## Data provided
━━━━━━━━

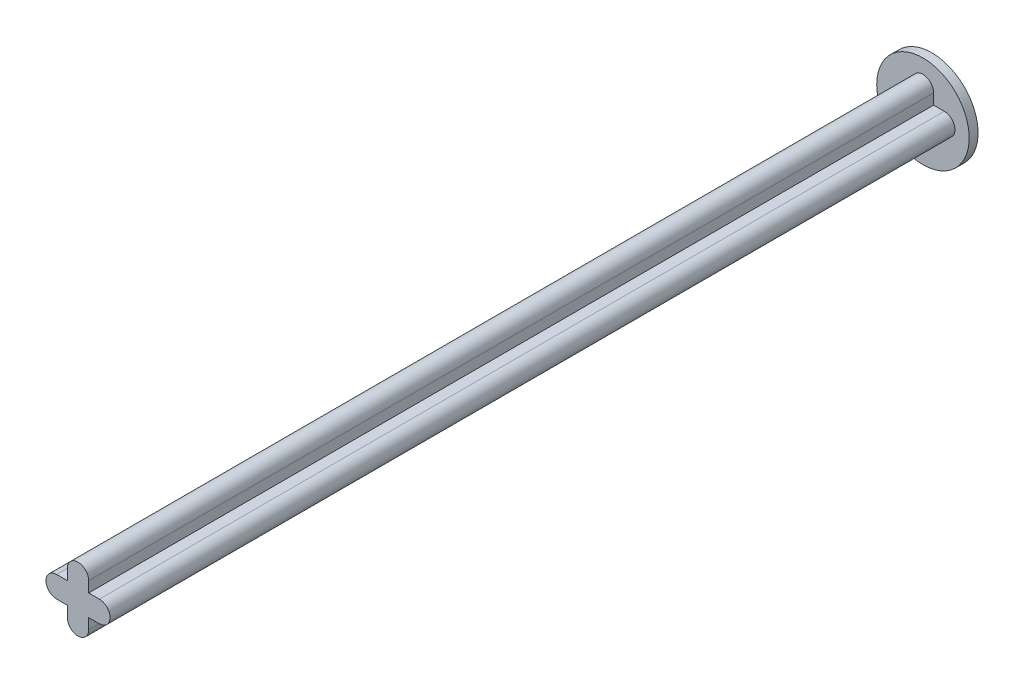
SolidWorks part; units mm, degrees
material "PVC Rigid"
ref_plane "Front Plane" through (0, 0, 0) normal (0, 0, 1) x (1, 0, 0)
ref_plane "Top Plane" through (0, 0, 0) normal (0, 1, 0) x (1, 0, 0)
ref_plane "Right Plane" through (0, 0, 0) normal (1, 0, 0) x (0, 0, -1)
sketch "Sketch1" plane through (0, 0, 0) normal (0, 0, 1) x (1, 0, 0)
  line L0 (0, 0) -> (3.048, 0) construction
  line L1 (0, 0.762) -> (3.048, 0.762)
  line L2 (0, -0.762) -> (3.048, -0.762)
  line L8 (1.524, 1.524) -> (1.524, -1.524) construction
  line L9 (2.286, 1.524) -> (2.286, -1.524)
  line L10 (0.762, 1.524) -> (0.762, -1.524)
  arc A0 (0, 0.762) -> (0, -0.762) centre (0, 0) ccw
  arc A2 (3.048, -0.762) -> (3.048, 0.762) centre (3.048, 0) ccw
  arc A4 (2.286, 1.524) -> (0.762, 1.524) centre (1.524, 1.524) ccw
  arc A5 (0.762, -1.524) -> (2.286, -1.524) centre (1.524, -1.524) ccw
  circle A7 centre (1.524, 0) radius 2.286 construction
  point P1 (3.81, 0)
  point P3 (1.524, 0)
  point P8 (1.524, 0)
  point P13 (5.334, 0)
  point P15 (7.62, 0)
  point P17 (0, 3.302)
  point P18 (19.05, 3.302)
  point P19 (0, -3.302)
  point P20 (19.05, -3.302)
  point P23 (13.843, 0)
  point P24 (3.81, 0)
  point P25 (23.368, 0)
  point P26 (3.429, 0)
  point P27 (-7.874, -3.302)
  point P28 (7.874, -3.302)
  point P29 (-7.874, 3.302)
  point P30 (7.874, 3.302)
  point P35 (11.811, 0)
  point P60 (11.5175, 1.1139)
  dimension "D2" = 1.524
  dimension "D3" = 4.572
  dimension "D1" = 1.524
extrude "Boss-Extrude1" add sketch "Sketch1" along normal blind 60.96 contours L1 A0 L2 L10 | L9 A4 L10 L1 | L2 A2 L1 L9 | L10 A5 L9 L2 | L1 L10 L2 L9 region at (0.0711, 0, 0) region at (1.524, 1.4529, 0) region at (1.524, 0, 0) region at (2.9769, 0, 0) region at (1.524, -1.4529, 0)
sketch "Sketch2" plane through (0, 0, 0) normal (0, 0, -1) x (-1, 0, 0)
  circle A0 centre (-1.524, 0) radius 3.302
extrude "Boss-Extrude2" add sketch "Sketch2" against normal blind 0.635

━━━━━━━━

## Your instructions
Reproduce each line of the records in which the string "through" appears.

## Response below
ref_plane "Front Plane" through (0, 0, 0) normal (0, 0, 1) x (1, 0, 0)
ref_plane "Top Plane" through (0, 0, 0) normal (0, 1, 0) x (1, 0, 0)
ref_plane "Right Plane" through (0, 0, 0) normal (1, 0, 0) x (0, 0, -1)
sketch "Sketch1" plane through (0, 0, 0) normal (0, 0, 1) x (1, 0, 0)
sketch "Sketch2" plane through (0, 0, 0) normal (0, 0, -1) x (-1, 0, 0)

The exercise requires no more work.